This may not be the easiest book on the market and some of the reviews suggest it is at the graduate level. This was OK for me, as I was a math major. It took a while to work through this book, but after doing so then I was able to read more specialized technical books and articles and complete the project that I was working on, having developed the confidence that I understood what I was doing rather then just memorizing formulas and recipes.
Tony Lauck
"Diversity is the law of nature; no two entities in this universe are uniform." - P.R. Sarkar
Follow Ups:
The 2nd edition is a lot cheaper!
Thanks Tony,
I've read some of Oppenheim and Schafer as it was sort of the bible and we had one at work. The book that I really started with was Hamming's digital filters. Killed a vacation's evenings with that one. I am anything but an expert but have managed to "do what needed to be done" for my projects. Wow, this is a way-back machine post. Later one of them had a floating point FIR in 6805 assembly... I'd blissfully forgotten.
Obviously what passes for my "understanding" of DSD is uselessly vague, I thought it was just PDM. I've never done anything with it so vague's been adequate but I posed my question out of mild curiosity to know if there was more to it. Sounds like there is...
Thanks for the advice, I appreciate not just being told to consult Wikiwhatever..
Rick
I've not had to design any filters, digital or analog, so I haven't studied Hamming's book. I didn't find "Digital Signal Processing" to be as difficult as Wozencraft and Jacob's, "Principles of Communications Engineering".
Back in the early 1980's DEC had been doing a project to put 10 Mbps Ethernet over cable television networks, as General Motors had wired their factories up with video cable and amplifiers. We didn't have any RF modem design capability so we contracted this out. As DEC's Chief Network Architect I had to interact with these engineers and make sure they understood how the Ethernet really worked. They were always talking about various error detecting and correcting codes and bit error rates for various types of modulation as a function of signal to noise ratio. I was familiar with these codes, but not communications theory . I knew that my lack of knowledge would come out sooner or later and I really needed some way to convince myself that these people knew what they were doing, so the only way to deal with the situation was to learn communications theory.

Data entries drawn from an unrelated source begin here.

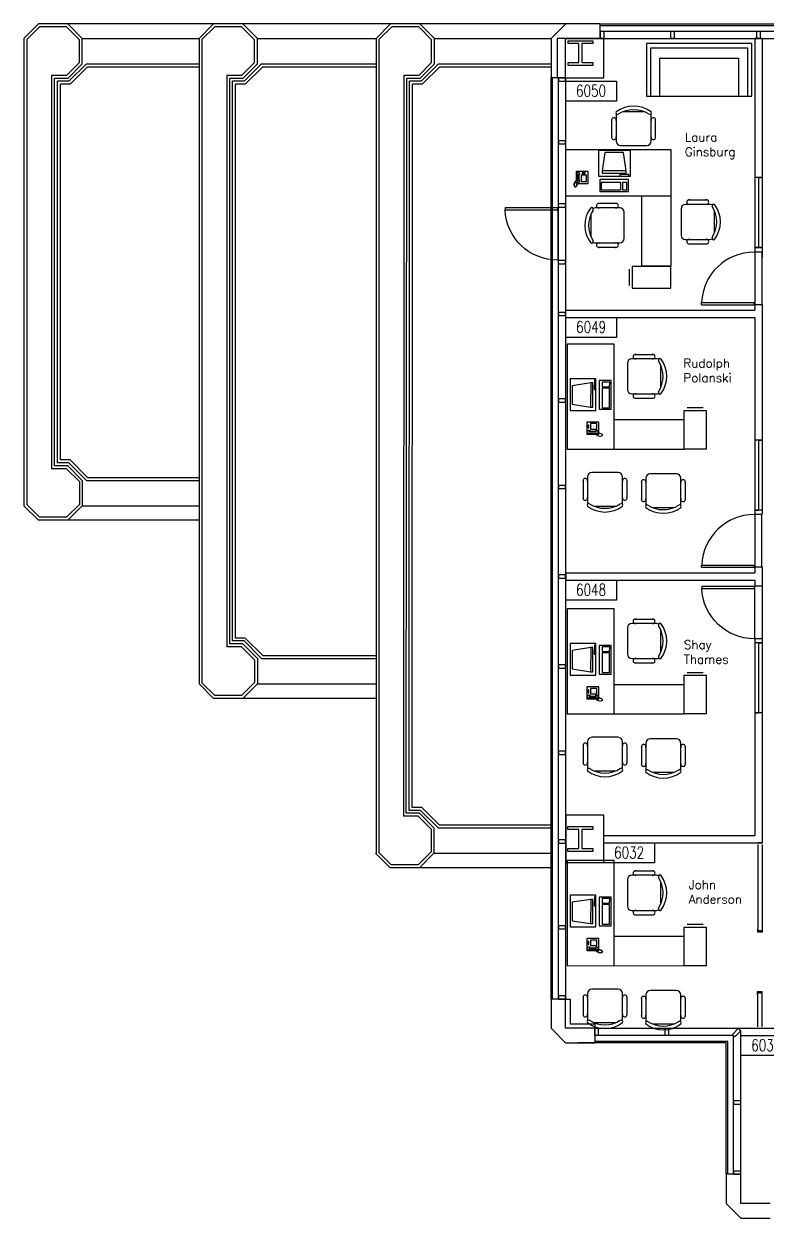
# Model space of a CAD drawing. Header units: millimetres. Extents: x 21174 to 87324, y 2476 to 67413.
# Drawn here: x 21174 to 34163, y 46508 to 67413 of the extents above; entities that cross this region are included whole.
import ezdxf
from ezdxf.enums import TextEntityAlignment as Align

# ---------------------------------------------------------------- set-up
doc = ezdxf.new("R2010")
doc.units = ezdxf.units.MM
doc.header["$MEASUREMENT"] = 0
for name, color, linetype in [('CHAIRS', 4, 'Continuous'), ('CPU', 6, 'Continuous'), ('E-B-FURR', 6, 'Continuous'), ('E-B-GLAZ', 8, 'Continuous'), ('E-B-MULL', 8, 'Continuous'), ('E-B-SHEL', 2, 'Continuous'), ('E-C-HEAD', 5, 'Continuous'), ('E-F-DOOR', 3, 'Continuous'), ('E-F-SILL', 8, 'Continuous'), ('E-F-TERR', 4, 'Continuous'), ('E-S-COLM', 8, 'Continuous'), ('EMPLOYEE', 1, 'Continuous'), ('FURNITURE', 3, 'Continuous'), ('PANELS_201', 6, 'Continuous'), ('PHONES', 4, 'Continuous'), ('RMNUM', 40, 'Continuous')]:
    doc.layers.add(name, color=color, linetype=linetype)
doc.styles.add('ARCHITXT', font='simplex.shx')
doc.styles.add('ROMANS', font='romans', dxfattribs={"width": 0.75, "height": 8})

# ---------------------------------------------------------------- blocks, each defined once
blk = doc.blocks.new('DR-36')
for p, q in [((0, 36), (0, 0)), ((0, 36), (1.5, 36)), ((1.5, 36), (1.5, 0)), ((0, 0), (1.5, 0))]:
    blk.add_line(p, q)
blk.add_arc((0, 0), 36, 0, 87.61406)
blk = doc.blocks.new('RMNUM')
at = {"layer": 'RMNUM'}
blk.add_lwpolyline([(-16.33354, 6.674702), (18.388073, 6.674702), (18.388073, -6.982766), (-16.33354, -6.982766), (-16.33354, 6.674702)], dxfattribs=at)
at = {"layer": 'RMNUM', "style": 'ROMANS', "width": 0.75}
blk.add_attdef('NUMBER', text='', height=8, dxfattribs=at).set_placement((1.027267, 0.114097), align=Align.MIDDLE_CENTER)
blk = doc.blocks.new('RECTANG')
for p, q in [((1, 1), (0, 1)), ((0, 1), (0, 0)), ((1, 0), (1, 1)), ((0, 0), (1, 0))]:
    blk.add_line(p, q)
blk = doc.blocks.new('FNPHONE')
for p, q in [((-9.1, 0.22), (-9.7, 0.02)), ((-8.9, 0.62), (-9.5, 0.42)), ((-8.7, 1.02), (-9.3, 0.82)), ((-8.5, 1.42), (-9.1, 1.22)), ((-8.3, 1.82), (-8.9, 1.62)), ((-7.14, 0.56), (-7.5, -0.58)), ((-7.29, 6.54), (-7.29, 1.54)), ((-6.29, 6.54), (-6.29, 1.54)), ((-3.87, 4.85), (-3.87, 4.85)), ((-3.87, 3.91), (-3.87, 3.91)), ((-3.87, 2.97), (-3.87, 2.97)), ((-3.87, 2.03), (-3.87, 2.03)), ((-2.94, 4.85), (-2.94, 4.85)), ((-2.94, 3.91), (-2.94, 3.91)), ((-2.94, 2.97), (-2.94, 2.97)), ((-2.94, 2.03), (-2.94, 2.03)), ((-2, 4.85), (-2, 4.85)), ((-2, 3.91), (-2, 3.91)), ((-2, 2.97), (-2, 2.97)), ((-2, 2.03), (-2, 2.03)), ((-9.3, -0.18), (-9.9, -0.38)), ((-9.3, -0.58), (-9.9, -0.78)), ((-9.3, -0.98), (-9.9, -1.18)), ((-9.3, -1.38), (-9.9, -1.58)), ((-9.1, -1.78), (-9.7, -1.98)), ((-8.9, -2.18), (-9.5, -2.38)), ((-8.43, -2.46), (-9.03, -2.66)), ((-7.9, -1.98), (-8.5, -2.18)), ((-7.7, -1.58), (-8.3, -1.78)), ((-7.5, -1.18), (-8.1, -1.38)), ((-7.3, -0.78), (-7.9, -0.98))]:
    blk.add_line(p, q)
for centre, start, end in [((-6.79, 6.54), 298.49146, 241.50854), ((-6.79, 1.54), 118.49146, 61.50854)]:
    blk.add_arc(centre, 1.05, start, end)
for p, xscale, yscale, zscale in [((-8.21, 0), 8.20528234483245, 8.104073169521023, 8.20528234483245), ((-4.81, 1.25), 3.75, 4.375, 3.75), ((-4.03, 6.72), 2.03125, 0.46875, 2.03125)]:
    blk.add_blockref('RECTANG', p, dxfattribs=dict(xscale=xscale, yscale=yscale, zscale=zscale))
blk = doc.blocks.new('DESK3')
for p, q in [((72, 0), (0, 0)), ((0, 0), (0, -80)), ((72, -32), (72, 0)), ((0, -32), (72, -32)), ((20, -80), (20, -32)), ((0, -80), (20, -80))]:
    blk.add_line(p, q)
blk = doc.blocks.new('FC15X27A')
for p, q in [((7.53125, 0), (-7.53125, 0)), ((-7.53125, 0), (-7.53125, -26.5)), ((7.53125, -26.5), (7.53125, 0)), ((-7.53125, -26.5), (7.53125, -26.5)), ((-5.53125, -28.5), (5.53125, -28.5))]:
    blk.add_line(p, q)
blk = doc.blocks.new('CHAIR7')
for p, q in [((0, 9), (0, -9)), ((20, 12), (3, 12)), ((5.12, 15.04), (17.88, 15.04)), ((23, -7.44), (23, 7.44)), ((3, -12), (20, -12)), ((5.12, -15), (17.88, -15))]:
    blk.add_line(p, q)
for centre, radius, start, end in [((3, 9), 3, 90, 180), ((5.56, 13.54), 1.56, 73.7398, 286.2602), ((17.44, 13.54), 1.56, 253.7398, 106.2602), ((20, 9), 3, 62.41556, 90), ((22.34, 11.12), 1.1, 53.30994, 212.02741), ((4.82, 0), 19.64, 327.57575, 32.42425), ((7, 0), 20, 323.1301, 36.8699), ((3, -9), 3, 180, 270), ((5.56, -13.5), 1.56, 73.7398, 286.2602), ((17.44, -13.5), 1.56, 253.7398, 106.2602), ((20, -9), 3, 270, 297.58444), ((22.34, -11.12), 1.1, 147.97259, 306.69006)]:
    blk.add_arc(centre, radius, start, end)
blk = doc.blocks.new('IBMAT', base_point=(61, 306))
for p, q in [((75, 307), (75, 306)), ((81, 307), (75, 307)), ((81, 306), (81, 307))]:
    blk.add_line(p, q)
at = {"xscale": 21, "yscale": 17, "zscale": 21}
blk.add_blockref('RECTANG', (61, 306), dxfattribs=at)
blk = doc.blocks.new('KEYBOARD', base_point=(60, 294))
for p, xscale, yscale, zscale in [((60, 294), 19, 8, 19), ((61, 295), 13, 5, 13), ((75, 295), 3, 5, 3)]:
    blk.add_blockref('RECTANG', p, dxfattribs=dict(xscale=xscale, yscale=yscale, zscale=zscale))
blk = doc.blocks.new('COMPUTER')
for p, q in [((-6.64, 16.23), (-8.5, 3.5)), ((6.08, 16.23), (-6.64, 16.23)), ((8, 3.5), (6.08, 16.23)), ((-8.5, 3.5), (-8.5, 2.04)), ((8, 3.5), (-8.5, 3.5)), ((-8.5, 2.04), (8, 2.04)), ((8, 2.04), (8, 3.5))]:
    blk.add_line(p, q)
at = {"xscale": 1.033846153846154, "yscale": 1.033846153846154, "zscale": 1.033846153846154}
for name, p in [('IBMAT', (-10.86, 0)), ('KEYBOARD', (-10.05, -10.5))]:
    blk.add_blockref(name, p, dxfattribs=at)
blk = doc.blocks.new('SOFA2')
for p, q in [((-36, 0), (-36, -36)), ((36, 0), (-36, 0)), ((36, -36), (36, 0)), ((-33, -36), (-33, -3)), ((-33, -3), (33, -3)), ((33, -3), (33, -36)), ((-27, -36), (-27, -10)), ((-27, -10), (27, -10)), ((27, -10), (27, -36)), ((-36, -36), (36, -36))]:
    blk.add_line(p, q)

msp = doc.modelspace()

# ---------------------------------------------------------------- linework, layer by layer
at = {"layer": 'E-B-FURR'}
for p, q in [((31269, 67157), (39753, 67157)), ((34093, 67157), (33963, 67157)), ((33965, 67157), (33965, 63322)), ((34093, 67157), (34093, 63322)), ((30657, 50341), (30657, 66467)), ((33965, 63498), (34093, 63498)), ((33965, 63421), (34093, 63421)), ((30658, 62402), (33965, 62402)), ((30658, 62272), (30658, 62400)), ((33965, 62501), (33965, 62402)), ((33965, 62501), (34093, 62501)), ((34093, 62501), (34093, 58829)), ((30658, 62275), (33965, 62275)), ((33965, 62275), (33965, 58829)), ((33965, 58829), (34093, 58829)), ((33965, 57909), (34093, 57909)), ((33965, 57909), (33965, 57803)), ((34093, 57909), (34093, 57576)), ((30657, 57803), (33965, 57803)), ((30657, 57802), (30657, 57674)), ((30657, 57675), (33965, 57675)), ((33965, 57675), (33965, 57576)), ((33965, 57576), (34093, 57576)), ((33961, 56656), (34089, 56656)), ((33965, 56656), (33965, 53203)), ((33965, 56656), (34093, 56656)), ((34093, 56656), (34093, 53075)), ((31323, 53203), (33965, 53203)), ((31323, 53075), (34093, 53075)), ((30658, 52735), (31323, 52735)), ((31167, 49830), (33681, 49830)), ((33687, 49830), (38603, 49830)), ((33722, 47275), (33722, 49789)), ((33722, 49702), (38475, 49702))]:
    msp.add_line(p, q, dxfattribs=at)
msp.add_lwpolyline([(31323, 67157), (30505, 67157), (30505, 66467), (31323, 66467)], close=True, dxfattribs=at)
for points in [[(31323, 53561), (30658, 53561), (30658, 52735)], [(31323, 52735), (31323, 53561)], [(30655, 50341), (30732, 50341), (30732, 49907), (31167, 49907), (31167, 49830)]]:
    msp.add_lwpolyline(points, dxfattribs=at)
at = {"layer": 'E-B-GLAZ'}
for p, q in [((31269, 67412), (39753, 67412)), ((31269, 67387), (39753, 67387)), ((31269, 67285), (39753, 67285)), ((30400, 50341), (30400, 66469)), ((30425, 50341), (30425, 66469)), ((30528, 50341), (30528, 66467)), ((30400, 52641), (27844, 52641)), ((33272, 49575), (30870, 49575)), ((33594, 49702), (31167, 49702)), ((33492, 49600), (31167, 49600)), ((33467, 49575), (31167, 49575)), ((33467, 47275), (33467, 49575)), ((33492, 47275), (33492, 49600)), ((33594, 47275), (33594, 49702))]:
    msp.add_line(p, q, dxfattribs=at)
for points in [[(34093, 63498), (33965, 63498), (34033, 63498), (34033, 64724), (34093, 64724), (33965, 64724)], [(34093, 58900), (33965, 58900), (34033, 58900), (34033, 60127), (34093, 60127), (33965, 60127)], [(34093, 55353), (33965, 55353), (34033, 55353), (34033, 56580), (34093, 56580), (33965, 56580)]]:
    msp.add_lwpolyline(points, dxfattribs=at)
at = {"layer": 'E-B-MULL'}
for points in [[(31323, 67285), (31323, 67157), (31265, 67157), (31265, 67285)], [(32553, 67285), (32553, 67157), (32495, 67157), (32495, 67285)], [(34061, 67285), (34061, 67157), (34003, 67157), (34003, 67285)], [(30528, 66409), (30655, 66409), (30655, 66467), (30528, 66467)], [(30528, 65311), (30655, 65311), (30655, 65368), (30528, 65368)], [(30527, 64206), (30655, 64206), (30655, 64264), (30527, 64264)], [(30527, 63215), (30655, 63215), (30655, 63273), (30527, 63273)], [(30528, 62305), (30655, 62305), (30655, 62363), (30528, 62363)], [(30528, 60790), (30655, 60790), (30655, 60848), (30528, 60848)], [(30528, 59277), (30655, 59277), (30655, 59334), (30528, 59334)], [(30528, 57709), (30655, 57709), (30655, 57766), (30528, 57766)], [(30528, 56137), (30655, 56137), (30655, 56194), (30528, 56194)], [(30528, 54625), (30655, 54625), (30655, 54682), (30528, 54682)], [(30528, 53074), (30655, 53074), (30655, 53132), (30528, 53132)], [(30528, 51570), (30655, 51570), (30655, 51627), (30528, 51627)], [(30528, 50341), (30655, 50341), (30655, 50399), (30528, 50399)], [(31167, 49702), (31167, 49830), (31224, 49830), (31224, 49702)], [(32395, 49702), (32395, 49830), (32453, 49830), (32453, 49702)], [(33615, 49682), (33722, 49789), (33681, 49830), (33574, 49723)], [(33615, 49682), (33722, 49789), (33681, 49830), (33574, 49723)], [(33594, 48503), (33722, 48503), (33722, 48561), (33594, 48561)], [(33594, 47275), (33722, 47275), (33722, 47332), (33594, 47332)]]:
    msp.add_lwpolyline(points, close=True, dxfattribs=at)
at = {"layer": 'E-B-SHEL'}
for p, q in [((30656, 67412), (30400, 67156)), ((31260, 67412), (30648, 67412)), ((31261, 67156), (31261, 67411)), ((30400, 67156), (30400, 66469)), ((31269, 67157), (30553, 67157)), ((31269, 67157), (30563, 67157)), ((30655, 66469), (30655, 67156)), ((30655, 67156), (31324, 67156)), ((30655, 66469), (30400, 66469)), ((30400, 50341), (30400, 49830)), ((30655, 50341), (30400, 50341)), ((30655, 49830), (30655, 50341)), ((30400, 49830), (30655, 49575)), ((31167, 49830), (30655, 49830)), ((31167, 49830), (31167, 49575)), ((30655, 49575), (31167, 49575)), ((33722, 47275), (33467, 47275)), ((33467, 47275), (33467, 46763)), ((33722, 46763), (33722, 47275)), ((33467, 46763), (33722, 46508)), ((34233, 46763), (33722, 46763)), ((33722, 46508), (34233, 46508))]:
    msp.add_line(p, q, dxfattribs=at)
at = {"layer": 'E-C-HEAD'}
for p, q in [((30527, 63283), (30527, 64203)), ((33964, 63411), (33964, 62491)), ((34092, 62491), (34092, 63411)), ((33963, 58821), (33963, 57901)), ((34091, 57901), (34091, 58821)), ((33965, 56652), (33965, 57572)), ((34093, 57572), (34093, 56652))]:
    msp.add_line(p, q, dxfattribs=at)
at = {"layer": 'E-F-SILL'}
msp.add_lwpolyline([(30655, 52973), (30655, 52973), (30655, 52973)], dxfattribs=at)
at = {"layer": 'E-F-TERR'}
for p, q in [((21174, 67159), (21428, 67412)), ((21428, 67412), (21174, 67159)), ((21449, 67361), (21225, 67138)), ((21939, 67412), (21428, 67412)), ((21939, 67412), (21428, 67412)), ((21696, 67412), (21428, 67412)), ((21920, 67361), (21449, 67361)), ((24528, 67412), (21828, 67412)), ((22145, 67136), (21920, 67361)), ((22197, 67157), (21941, 67413)), ((24239, 67159), (24493, 67412)), ((24493, 67412), (24239, 67159)), ((24514, 67361), (24290, 67138)), ((24761, 67412), (24493, 67412)), ((25004, 67412), (24493, 67412)), ((25004, 67412), (24493, 67412)), ((24985, 67361), (24514, 67361)), ((30656, 67412), (24893, 67412)), ((25210, 67136), (24985, 67361)), ((25262, 67157), (25006, 67413)), ((27591, 67412), (27337, 67159)), ((27337, 67159), (27591, 67412)), ((27612, 67361), (27388, 67138)), ((28102, 67412), (27591, 67412)), ((28102, 67412), (27591, 67412)), ((27859, 67412), (27591, 67412)), ((28083, 67361), (27612, 67361)), ((28308, 67136), (28083, 67361)), ((28359, 67157), (28104, 67413)), ((21174, 67159), (21174, 58977)), ((21225, 67138), (21225, 58998)), ((22145, 66735), (22145, 67136)), ((22197, 67157), (24239, 67157)), ((22197, 66714), (22197, 67157)), ((24239, 67159), (24239, 55859)), ((24290, 67138), (24290, 55880)), ((25210, 66735), (25210, 67136)), ((25262, 67157), (27337, 67157)), ((25262, 66714), (25262, 67157)), ((27337, 67159), (27337, 52886)), ((27388, 67138), (27388, 52907)), ((28308, 66735), (28308, 67136)), ((28359, 67157), (30401, 67157)), ((28359, 66714), (28359, 67157)), ((21920, 66510), (22145, 66735)), ((21941, 66459), (22197, 66714)), ((21962, 66408), (22269, 66714)), ((22269, 66714), (24239, 66714)), ((24985, 66510), (25210, 66735)), ((25006, 66459), (25262, 66714)), ((25027, 66408), (25334, 66714)), ((25334, 66714), (27337, 66714)), ((28083, 66510), (28308, 66735)), ((28104, 66459), (28359, 66714)), ((28125, 66408), (28432, 66714)), ((28432, 66714), (30400, 66714)), ((21660, 66510), (21660, 59626)), ((21920, 66510), (21660, 66510)), ((21983, 66356), (22290, 66663)), ((22290, 66663), (24239, 66663)), ((24727, 66510), (24727, 56508)), ((24985, 66510), (24727, 66510)), ((25048, 66356), (25355, 66663)), ((25355, 66663), (27337, 66663)), ((27824, 66510), (27816, 53544)), ((28083, 66510), (27824, 66510)), ((28146, 66356), (28453, 66663)), ((28453, 66663), (30400, 66663)), ((21711, 59677), (21711, 66459)), ((21941, 66459), (21711, 66459)), ((21762, 59728), (21762, 66408)), ((21962, 66408), (21762, 66408)), ((21813, 59779), (21813, 66356)), ((21983, 66356), (21813, 66356)), ((24776, 56559), (24776, 66459)), ((25006, 66459), (24776, 66459)), ((24827, 56611), (24827, 66408)), ((25027, 66408), (24827, 66408)), ((24878, 56662), (24878, 66356)), ((25048, 66356), (24878, 66356)), ((27865, 53595), (27874, 66459)), ((28104, 66459), (27874, 66459)), ((27917, 53646), (27925, 66408)), ((28125, 66408), (27925, 66408)), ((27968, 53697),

I admitted my ignorance and asked the lead engineer for a good book to study, and he told me to read, "Principles of Communications Engineering." This ate up my evenings for several months. I was able to get through all the chapters that I needed and even got though the chapter on FM modulation and how it works to increase signal to noise ratio at the expense of bandwidth utilization. Later I found out from the junior engineer that his boss had been busting my balls by giving me that book, as there were easier books to read that weren't so heavy on math.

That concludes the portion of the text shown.